Saved entries

════════════════════

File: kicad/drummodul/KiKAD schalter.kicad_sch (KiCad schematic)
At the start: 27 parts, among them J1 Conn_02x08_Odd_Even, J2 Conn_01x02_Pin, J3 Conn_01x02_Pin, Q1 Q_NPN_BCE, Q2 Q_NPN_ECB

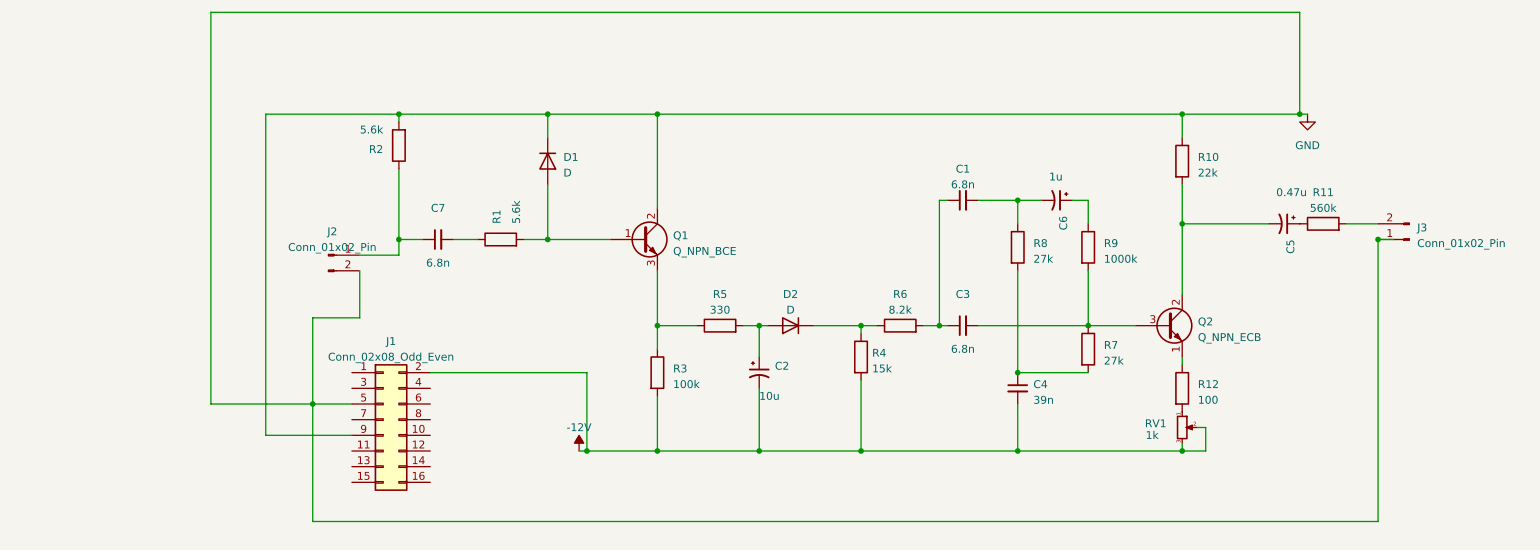
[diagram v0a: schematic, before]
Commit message: drummodul schaltplan angepasst
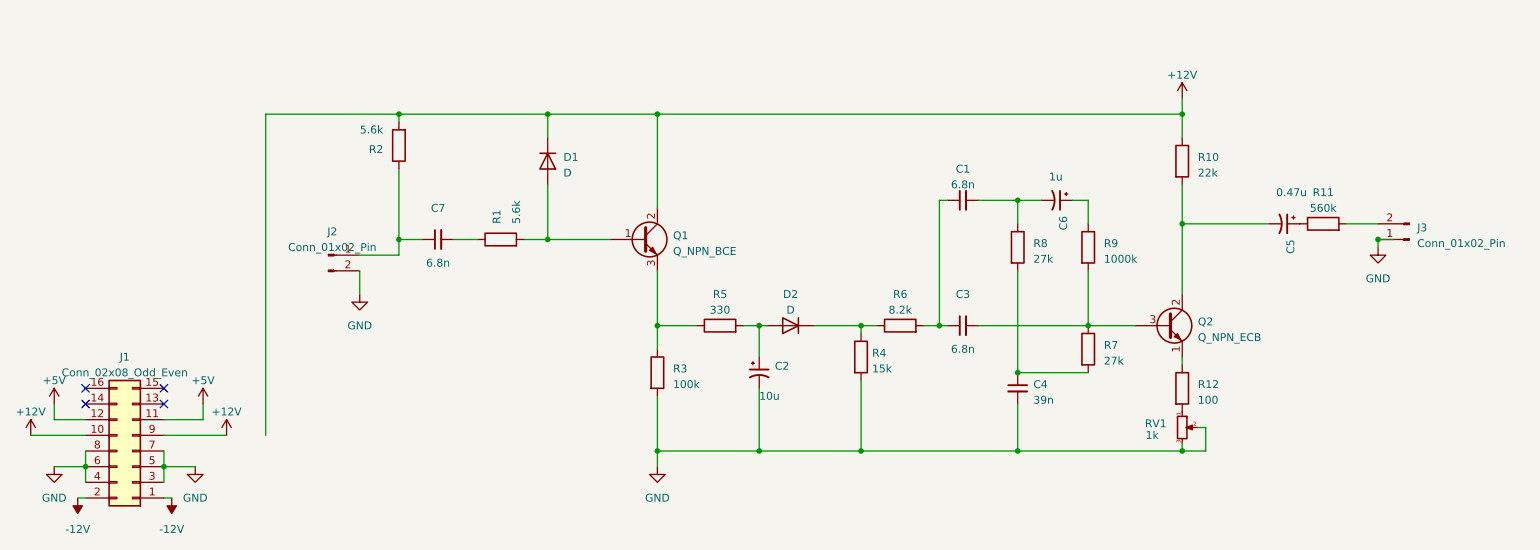
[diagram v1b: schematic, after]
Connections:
- net -12V: now also J1.1 (Pin_1); no longer C2.2, C4.2, R3.2, R4.2, RV1.2, RV1.3
- net GND: now also C2.2, C4.2, J1.3 (Pin_3), J1.4 (Pin_4), J1.6 (Pin_6), J1.7 (Pin_7), J1.8 (Pin_8), R3.2, R4.2, RV1.2, RV1.3; no longer D1.1 (K), J1.9 (Pin_9), Q1.2 (C), R10.1, R2.2
- net +12V: now reaches J1.10 (Pin_10)
- net +12V: now also D1.1 (K), J1.9 (Pin_9), Q1.2 (C), R10.1, R2.2
- net +5V: now reaches J1.11 (Pin_11)
- net +5V: now also J1.12 (Pin_12)
- no-connect marks 0 -> 4
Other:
- moved on the sheet: J1
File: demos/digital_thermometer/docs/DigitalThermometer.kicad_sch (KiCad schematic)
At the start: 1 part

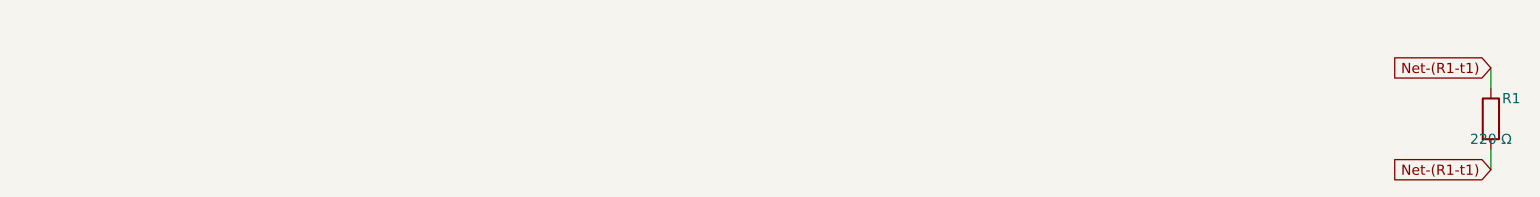
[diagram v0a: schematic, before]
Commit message: export: kicad_sch — Phase 2.5b: layered placement, wire routing, KiCad 10 compatibility (#23)
* export: kicad_sch — Phase 2.5b: layered placement + routing + KiCad 9 fix

Placement (placement.py, complete rewrite):
- Replaces naive grid with Layered Signal Flow algorithm (spec §5 stages 1–8)
- Stage 1: band classification — power chips/rails at top, LEDs at bottom,
  everything else in the signal band
- Stage 2: signal-flow DAG via BFS from Rail/Connector sources; layer = BFS
  distance from nearest source
- Stage 3–4: place within (band, layer) cells at 1500-mil (38.1 mm) same-band
  spacing, 1000-mil inter-band gutter, 25.4 mm page margin
- Stage 6: cluster breakup — up to 10 iterations shifting same-band parts
  that land closer than 0.9× SAME_BAND_SPACING_MM
- Stage 8: page sized to fit (A4 → A3 → A2 → A1)
- grid_place() and sheet_size_mm() kept as shims for backward-compat

Routing (routing.py, new file):
- route_net(): connects stub ends with Manhattan L-shapes (horizontal first)
- find_junctions(): returns points where ≥3 wire endpoints coincide
- renderer uses routed wires between signal-net stub ends

Hierarchical (hierarchical.py, new file):
- collect_boards(), is_multi_board(), sub_sheet_filename() — interface stub
  for multi-Board sub-sheet emission (full implementation deferred)

KiCad 9 sub-symbol name fix (library_loader.py):
- KiCad 9 schematics expect sub-symbols nested inside their parent in
  lib_symbols to use the bare name (R_0_1, LED_0_1, 4069_1_0) — NOT the
  lib-qualified name (Device:R_0_1, Device:LED_0_1, 4xxx:4069_1_0)
- Fixed _qualify_names() to add the lib: prefix only to the exact parent
  symbol name using a lookahead (?=") that prevents sub-unit names from
  being qualified

Tests (+25 tests):
- test_placement.py: band classification, all-on-grid, determinism,
  minimum spacing, power < signal < indicator Y ordering, page sizing
- test_routing.py: H/V segments, L-shapes, orthogonality, grid snap,
  junction detection

Golden files re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
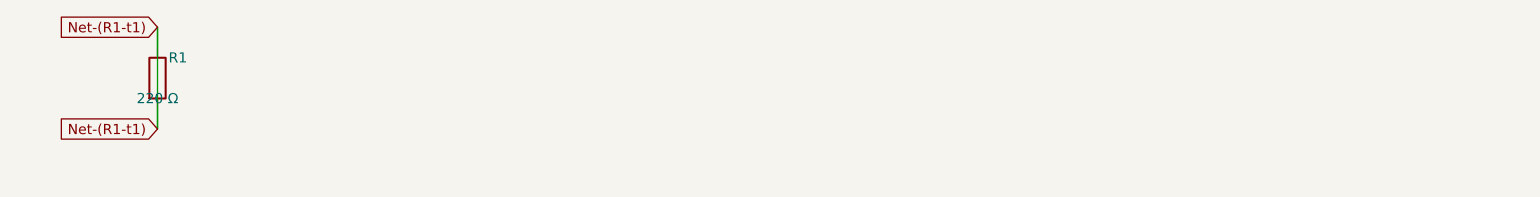
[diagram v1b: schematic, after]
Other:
- moved on the sheet: R1
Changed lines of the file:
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@@
 (kicad_sch
-  (version 20240618)
+  (version 20250114)
   (generator "wirebench")
-  (generator_version "0.1")
-  (paper "A3")
+  (generator_version "0.2")
+  (paper "A4")
   (symbol
     (lib_id "Device:R")
-    (at 229.87 30.48 0)
+    (at 63.5 25.4 0)
     (unit 1)
     (exclude_from_sim no)
@@
     (dnp no)
     (property "Reference" "R1"
-      (at 232.41 27.94 0)
+      (at 66.04 22.86 0)
       (effects (font (size 1.27 1.27)))
     )
     (property "Value" "220 Ω"
-      (at 229.87 33.02 0)
+      (at 63.5 27.94 0)
       (effects (font (size 1.27 1.27)))
     )
@@
   )
   (wire
-    (pts (xy 229.87 34.29) (xy 229.87 36.83))
+    (pts (xy 63.5 29.21) (xy 63.5 31.75))
     (stroke (width 0) (type default))
   )
   (global_label "Net-(R1-t1)"
     (shape input)
-    (at 229.87 36.83 0)
+    (at 63.5 31.75 0)
     (fields_autoplaced yes)
     (effects (font (size 1.27 1.27)) (justify right))
@@
   )
   (wire
-    (pts (xy 229.87 26.67) (xy 229.87 24.13))
+    (pts (xy 63.5 21.59) (xy 63.5 19.05))
     (stroke (width 0) (type default))
   )
   (global_label "Net-(R1-t1)"
     (shape input)
-    (at 229.87 24.13 0)
+    (at 63.5 19.05 0)
     (fields_autoplaced yes)
     (effects (font (size 1.27 1.27)) (justify right))
@@
     )
   )
+  (wire
+    (pts (xy 63.5 19.05) (xy 63.5 31.75))
+    (stroke (width 0) (type default))
+  )
   (sheet_instances

════════════════════

Check each line of the records for the word "qualified", and show the lines that contain it.

• Answer box:
  lib-qualified name (Device:R_0_1, Device:LED_0_1, 4xxx:4069_1_0)
  being qualified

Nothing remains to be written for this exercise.